─── Information provided ───

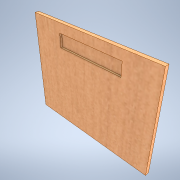
# Autodesk Inventor part: DoosjeVoorkant
Saved by Autodesk Inventor 2021 (Build 250183000, 183)
## iProperties
Created: 2021-03-11
Part Number: DoosjeVoorkant
Material: Wood (Cherry)
Document SubType Name: Modeling
Designer: ZiweZhang
Density: 0.63 g/cm^3
Appearance: Cherry - Natural Low Gloss
Author: ZiweZhang
Autodesk Inventor part; units mm, degrees
ref_plane "YZ Plane" through (0, 0, 0) normal (1, 0, 0) x (0, 1, 0)
ref_plane "XZ Plane" through (0, 0, 0) normal (0, 1, 0) x (-1, 0, 0)
ref_plane "XY Plane" through (0, 0, 0) normal (0, 0, 1) x (1, 0, 0)
sketch "Sketch1" plane through (0, 0, 0) normal (0, 0, 1) x (1, 0, 0)
  line L0 (0, 0) -> (99, 0)
  line L1 (99, 0) -> (99, 77)
  line L2 (99, 77) -> (0, 77)
  line L3 (0, 77) -> (0, 0)
  dimension "d1" = 77
  dimension "d51" = 99
  constraints: 8 end point, 2 parallel, 1 horizontal, 1 perpendicular
  measures "d1" distance of L1.end L0.end
  measures "d51" distance of L1.end L2.end
extrude "Extrusion1" add sketch "Sketch1" along normal blind 3
sketch "Sketch4" plane through (0, 0, 3) normal (0, 0, 1) x (1, 0, 0)
  line L0 (24.5, 70) -> (74.5, 70)
  line L1 (74.5, 70) -> (74.5, 60)
  line L2 (74.5, 60) -> (24.5, 60)
  line L3 (24.5, 60) -> (24.5, 70)
  line L4 (24.5, 70) -> (74.5, 60) construction
  line L5 (74.5, 70) -> (24.5, 60) construction
  line L6 (0, 77) -> (49.5, 77)
  line L7 (99, 77) -> (0, 77) projected
  point P0 (0, 0)
  dimension "d47" = 50
  dimension "d48" = 10
  constraints: 14 end point, 2 parallel, 1 horizontal, 1 midpoint, 1 perpendicular
  measures "d47" distance of L1.end L2.end
  measures "d48" distance of L0.end L1.end
extrude "Extrusion2" cut sketch "Sketch4" against normal blind 1.5
body "Solid1"

───

Exercise aim:
Each record above has to be written out again in full, but its pictures must not be.

Solution for this problem:
# Autodesk Inventor part: DoosjeVoorkant
Saved by Autodesk Inventor 2021 (Build 250183000, 183)
## iProperties
Created: 2021-03-11
Part Number: DoosjeVoorkant
Material: Wood (Cherry)
Document SubType Name: Modeling
Designer: ZiweZhang
Density: 0.63 g/cm^3
Appearance: Cherry - Natural Low Gloss
Author: ZiweZhang
Autodesk Inventor part; units mm, degrees
ref_plane "YZ Plane" through (0, 0, 0) normal (1, 0, 0) x (0, 1, 0)
ref_plane "XZ Plane" through (0, 0, 0) normal (0, 1, 0) x (-1, 0, 0)
ref_plane "XY Plane" through (0, 0, 0) normal (0, 0, 1) x (1, 0, 0)
sketch "Sketch1" plane through (0, 0, 0) normal (0, 0, 1) x (1, 0, 0)
  line L0 (0, 0) -> (99, 0)
  line L1 (99, 0) -> (99, 77)
  line L2 (99, 77) -> (0, 77)
  line L3 (0, 77) -> (0, 0)
  dimension "d1" = 77
  dimension "d51" = 99
  constraints: 8 end point, 2 parallel, 1 horizontal, 1 perpendicular
  measures "d1" distance of L1.end L0.end
  measures "d51" distance of L1.end L2.end
extrude "Extrusion1" add sketch "Sketch1" along normal blind 3
sketch "Sketch4" plane through (0, 0, 3) normal (0, 0, 1) x (1, 0, 0)
  line L0 (24.5, 70) -> (74.5, 70)
  line L1 (74.5, 70) -> (74.5, 60)
  line L2 (74.5, 60) -> (24.5, 60)
  line L3 (24.5, 60) -> (24.5, 70)
  line L4 (24.5, 70) -> (74.5, 60) construction
  line L5 (74.5, 70) -> (24.5, 60) construction
  line L6 (0, 77) -> (49.5, 77)
  line L7 (99, 77) -> (0, 77) projected
  point P0 (0, 0)
  dimension "d47" = 50
  dimension "d48" = 10
  constraints: 14 end point, 2 parallel, 1 horizontal, 1 midpoint, 1 perpendicular
  measures "d47" distance of L1.end L2.end
  measures "d48" distance of L0.end L1.end
extrude "Extrusion2" cut sketch "Sketch4" against normal blind 1.5
body "Solid1"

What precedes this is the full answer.